A common feature of my proposals is the use of algebro-geometric degeneration to study an interesting irreducible variety in terms of the many components it breaks into in a limit. Such degenerations are usually very destructive of the geometry, but the original and limiting schemes may define the same (equivariant) cohomology class in some ambient space. The degenerations I intend to study are (1) of moduli spaces of representations of quivers, where the type A case has become well understood in the last three years but types D,E are totally open; (2) of nilpotent orbits in Lie algebras, to the normal cones of their upper triangular part.
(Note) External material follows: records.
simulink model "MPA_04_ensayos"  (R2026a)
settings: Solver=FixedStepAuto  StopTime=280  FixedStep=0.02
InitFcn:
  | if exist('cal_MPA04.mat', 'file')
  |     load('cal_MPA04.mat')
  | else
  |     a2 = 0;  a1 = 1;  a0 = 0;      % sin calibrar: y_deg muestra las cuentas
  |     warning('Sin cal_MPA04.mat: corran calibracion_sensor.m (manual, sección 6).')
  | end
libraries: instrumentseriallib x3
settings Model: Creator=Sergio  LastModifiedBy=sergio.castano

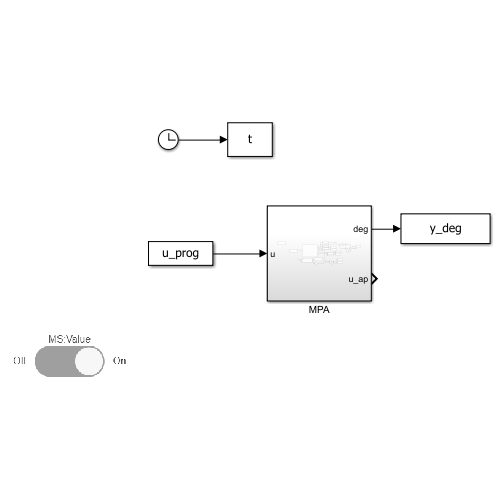
[thumbnail: Simulink's stored preview of the top-level diagram]
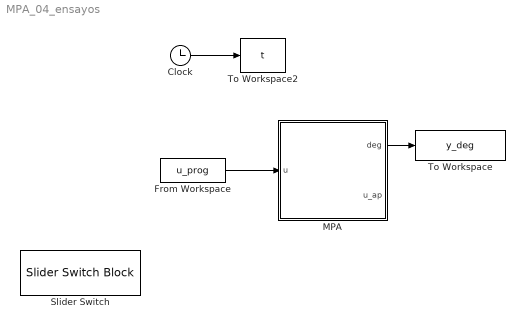
== system MPA_04_ensayos ==
  Clock : Clock
  From Workspace : FromWorkspace  VariableName=u_prog  SampleTime=0.02  Interpolate=off  OutputAfterFinalValue=Holding final value
  MPA : Subsystem
  Slider Switch : SliderSwitchBlock
  To Workspace : ToWorkspace  VariableName=y_deg  SampleTime=0.02
  To Workspace2 : ToWorkspace  VariableName=t  SampleTime=0.01
      settings: Save2DSignal=2-D array (concatenate along first dimension)
  wires:
  Clock/1 -> To Workspace2/1
  MPA/1(deg) -> To Workspace/1
  From Workspace/1 -> MPA/1(u)

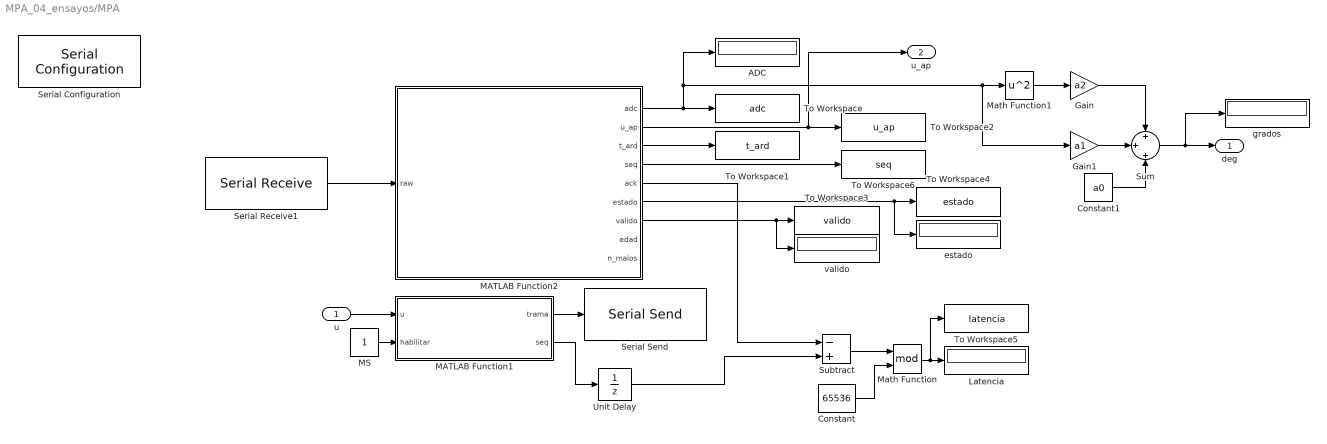
== system MPA_04_ensayos/MPA ==
  u : Inport
  ADC : Display
  Constant : Constant  Value=65536
  Constant1 : Constant  Value=a0
  Gain : Gain  Gain=a2
  Gain1 : Gain  Gain=a1
  Latencia : Display
  MATLAB Function1 : MATLAB Function  TreatAsAtomicUnit=on
  MATLAB Function2 : MATLAB Function  TreatAsAtomicUnit=on
  MS : Constant
  Math Function : Math  Operator=mod
  Math Function1 : Math  Operator=square
  Serial Configuration : instrumentseriallib/Serial Configuration  Priority=-200000  PortSel=COM26  Port=COM26  ComPort=COM26  BaudRate=115200  DataBits=8  Parity=none  StopBits=1  ByteOrder=little-endian  FlowControl=none  Timeout=10  SimulateUsing=Interpreted execution  BlockInModel=on  aMode=1
  Serial Receive1 : instrumentseriallib/Serial Receive  Priority=1  PortSel=COM26  Port=COM26  ComPort=COM26  ObjConstructor="\"serial('COM4');\""  DataType=uint8  SaveDataType=uint8  ToggleHeader=off  Header=[]  ToggleDataSize=on  DataSize=[22 1]  ToggleTerminator=off  Terminator=<none>  CustomTerminator=[]  InputFormat=Column major  EnableBlockingMode=on  ActionDataUnavailable=Output last received value  ActionWhenDataUnavailable=Output last received value  CustomValue=0  SampleTime=0.02  SimulateUsing=Interpreted execution  BlockInModel=on  aMode=1  LibraryInUse=instrumentlib
  Serial Send : instrumentseriallib/Serial Send  Priority=1  PortSel=COM26  Port=COM26  ComPort=COM26  Header=[]  Terminator=<none>  CustomTerminator=[]  EnableBlockingMode=on  SimulateUsing=Interpreted execution  BlockInModel=on  aMode=1
  Subtract : Sum  Inputs=-+
  Sum : Sum  Inputs=+|+|+
  To Workspace : ToWorkspace  VariableName=adc  SampleTime=0.02
  To Workspace1 : ToWorkspace  VariableName=t_ard  SampleTime=0.02
  To Workspace2 : ToWorkspace  VariableName=u_ap  SampleTime=0.02
  To Workspace3 : ToWorkspace  VariableName=valido  SampleTime=0.02
  To Workspace4 : ToWorkspace  VariableName=estado  SampleTime=0.02
  To Workspace5 : ToWorkspace  VariableName=latencia  SampleTime=0.02
  To Workspace6 : ToWorkspace  VariableName=seq  SampleTime=0.02
  Unit Delay : UnitDelay  SampleTime=-1
  estado : Display
  grados : Display
  valido : Display
  deg : Outport
  u_ap : Outport  Port=2
  wires:
  u/1 -> MATLAB Function1/1(u)
  MATLAB Function1/1(trama) -> Serial Send/1
  MS/1 -> MATLAB Function1/2(habilitar)
  MATLAB Function1/2(seq) -> Unit Delay/1
  MATLAB Function2/5(ack) -> Subtract/1
  Unit Delay/1 -> Subtract/2
  Subtract/1 -> Math Function/1
  Constant/1 -> Math Function/2
  Math Function/1 -> To Workspace5/1, Latencia/1
  MATLAB Function2/1(adc) -> ADC/1, Gain1/1, Math Function1/1, To Workspace/1
  MATLAB Function2/3(t_ard) -> To Workspace1/1
  MATLAB Function2/2(u_ap) -> u_ap/1, To Workspace2/1
  MATLAB Function2/7(valido) -> valido/1, To Workspace3/1
  MATLAB Function2/6(estado) -> estado/1, To Workspace4/1
  Serial Receive1/1 -> MATLAB Function2/1(raw)
  Math Function1/1 -> Gain/1
  Gain/1 -> Sum/1
  Gain1/1 -> Sum/2
  Constant1/1 -> Sum/3
  Sum/1 -> grados/1, deg/1
  MATLAB Function2/4(seq) -> To Workspace6/1

== matlab function MPA_04_ensayos/MPA/MATLAB Function1 ==
  data: u input; trama output; habilitar input; seq output
function [trama, seq] = packMPA(u, habilitar)
%#codegen
% packMPA  Arma el comando para el MPA (bloque MATLAB Function).
%
% Entradas: u          mando [%] (despues de la saturacion del modelo)
%           habilitar  1 = marcha permitida, 0 = PARO (motor detenido)
% Salidas:  trama      11x1 uint8 hacia el bloque Serial Send
%                      (Header vacio, Terminator <none>)
%           seq        numero de este comando (para medir la latencia con ack)
%
% Trama: 0xCC 0xDD | seq uint16 | u single | flags uint8 | crc16 (little-endian)
% El Arduino recorta u a [0,100] y tiene su propio tope de pulso; aqui
% tambien se recorta para que NaN o valores absurdos nunca salgan del PC.

persistent s
if isempty(s)
    s = 0;
end
s = mod(s + 1, 65536);                 % uint16 en MATLAB satura; aqui se envuelve

if ~isfinite(u)
    u = 0;
end
u = min(max(u, 0), 100);
fl = uint8(0);
if habilitar > 0.5
    fl = uint8(1);
end

carga = [typecast(uint16(s), 'uint8'), typecast(single(u), 'uint8'), fl];   % 7 bytes
trama = zeros(11, 1, 'uint8');
trama(1) = uint8(204);                 % 0xCC
trama(2) = uint8(221);                 % 0xDD
for k = 1:7
    trama(2+k) = carga(k);
end
c = crc16(carga);
trama(10) = uint8(mod(c, 256));
trama(11) = uint8(floor(c / 256));
seq = s;
end

% ---------------------------------------------------------------------
function c = crc16(d)
% CRC-16/CCITT-FALSE: polinomio 0x1021, inicial 0xFFFF (el mismo del Arduino)
r = uint16(65535);
for k = 1:numel(d)
    r = bitxor(r, bitshift(uint16(d(k)), 8));
    for b = 1:8
        if bitand(r, uint16(32768)) ~= 0
            r = bitxor(bitshift(r, 1), uint16(4129));
        else
            r = bitshift(r, 1);
        end
    end
end
c = double(r);
end

== matlab function MPA_04_ensayos/MPA/MATLAB Function2 ==
  data: raw input; adc output double; u_ap output double; t_ard output double; seq output; ack output; estado output; valido output; edad output; n_malos output
function [adc, u_ap, t_ard, seq, ack, estado, valido, edad, n_malos] = parseMPA(raw)
%#codegen
% parseMPA  Decodifica la telemetria del MPA (bloque MATLAB Function).
%
% Entrada:  raw  22x1 uint8, salida del bloque Serial Receive
%           (Header vacio, Terminator <none>, Data size [22 1], uint8,
%            modo bloqueante, Block sample time = Ts = 0.02).
% Salidas:  adc      promedio de cuentas de A0 (va a la calibracion)
%           u_ap     mando que el Arduino aplico de verdad [%]
%           t_ard    reloj del Arduino [s] (tiempo real del ensayo)
%           seq      numero del paquete leido
%           ack      ultimo comando que el Arduino acepto (para la latencia)
%           estado   1 = MARCHA, 0 = SEGURO (motor detenido)
%           valido   1 si hay paquete reciente; 0 si las salidas son el ultimo
%                    valor retenido (el lazo no debe confiar en esa medida)
%           edad     pasos seguidos sin paquete nuevo
%           n_malos  lecturas en que habia cabecera pero ningun paquete con
%                    CRC correcto (desde el inicio). Debe quedarse en 0 o casi.
%
% No supone que los 22 bytes leidos esten alineados con un paquete: guarda
% los ultimos 64 bytes y busca, de atras hacia adelante, el paquete mas
% reciente con cabecera 0xAA 0xBB y CRC-16 correcto. Asi se recupera solo
% de un arranque a mitad de paquete o de un byte perdido.

L  = 22;          % largo del paquete
NB = 64;          % memoria de bytes (cabe un paquete completo en cualquier desfase)
EDAD_MAX = 5;     % pasos sin paquete nuevo antes de declarar invalido (0.1 s)

persistent buf adc_m u_m t_m seq_m ack_m est_m nmal ed hay
if isempty(buf)
    buf  = zeros(NB, 1, 'uint8');
    adc_m = 0; u_m = 0; t_m = 0; seq_m = -1; ack_m = 0; est_m = 0;
    nmal = 0; ed = 0; hay = false;
end

% --- desplazar la memoria y agregar los bytes nuevos
r = uint8(raw(:));
for k = 1:NB-L
    buf(k) = buf(k+L);
end
for k = 1:L
    buf(NB-L+k) = r(k);
end

% --- buscar el paquete valido mas reciente
f = zeros(L, 1, 'uint8');
encontrado = false;
candidatos = 0;
for i = NB-L+1:-1:1
    if buf(i) == 170 && buf(i+1) == 187
        candidatos = candidatos + 1;
        for k = 1:L
            f(k) = buf(i+k-1);
        end
        if crc16(f(3:L-2)) == double(f(L-1)) + 256*double(f(L))
            encontrado = true;
            break
        end
    end
end
if candidatos > 0 && ~encontrado
    nmal = nmal + 1;
end

nuevo = false;
if encontrado
    sq = double(f(3)) + 256*double(f(4));                  % uint16, little-endian
    if sq ~= seq_m                      % paquete distinto al ya entregado
        nuevo = true;
        seq_m = sq;
        t_m   = (double(f(5)) + 256*double(f(6)) + 65536*double(f(7)) ...
                 + 16777216*double(f(8))) / 1000;           % uint32 [ms] -> s
        adc_m = bytesAFloat(f(9), f(10), f(11), f(12));
        u_m   = bytesAFloat(f(13), f(14), f(15), f(16));
        ack_m = double(f(17)) + 256*double(f(18));
        est_m = double(bitand(f(19), uint8(1)));
        hay   = true;
    end
end

if nuevo
    ed = 0;
else
    ed = ed + 1;
end

adc = adc_m;  u_ap = double(u_m);  t_ard = t_m;
seq = max(seq_m, 0);  ack = ack_m;  estado = est_m;
valido = double(hay && ed <= EDAD_MAX);
edad = ed;  n_malos = nmal;
end

% ---------------------------------------------------------------------
function x = bytesAFloat(b1, b2, b3, b4)
% 4 bytes little-endian -> single -> double (escalar fijo para el generador de codigo)
v = zeros(1, 4, 'uint8');
v(1) = b1;  v(2) = b2;  v(3) = b3;  v(4) = b4;
y = typecast(v, 'single');
x = double(y(1));
end

% ---------------------------------------------------------------------
function c = crc16(d)
% CRC-16/CCITT-FALSE: polinomio 0x1021, inicial 0xFFFF (el mismo del Arduino)
r = uint16(65535);
for k = 1:numel(d)
    r = bitxor(r, bitshift(uint16(d(k)), 8));
    for b = 1:8
        if bitand(r, uint16(32768)) ~= 0
            r = bitxor(bitshift(r, 1), uint16(4129));   % 0x1021; en uint16 los bits que salen se pierden
        else
            r = bitshift(r, 1);
        end
    end
end
c = double(r);
end

The homology of the upper triangular part carries a (Springer) representation of the corresponding Weyl group; the normal cone I study has more components and, in the example I can compute so far, carries a representation of a richer algebra; (3) of subvarieties of projective space to reduced schemes with finite maps to projective space, where the degree of the map carries the information more usually seen in the nonreduced structure of the limit subscheme. If we replace a polynomial equation, like xy = zw, by one of its monomials, like xy = 0, the locus of solutions can often be made to retain the same volume even as it breaks into pieces. Where xy=zw has interesting nonflat geometry, but cannot be factored into pieces, xy=0 has interesting discrete structure (it has two pieces, x=0 and y=0, which intersect one another) even though each piece is flat. In the general setup, we have many polynomial conditions to begin with, and each is degenerated" to a simpler polynomial containing only some of the original monomials; a complicated condition guarantees that the dimension and volume of the solution set remains constant. In my work I study these degenerations where the ambient space is a space of (lists of) matrices, and the original equations are natural matrix conditions like "matrices whose square is zero". The difficulty comes in finding degenerations that preserve the dimension and volume, and then studying the resulting equations to understand the simpler pieces into which the degenerate locus factors. The resulting discrete structure is then of great interest combinatorially, and sheds light on the (topologically important) volume of the original locus.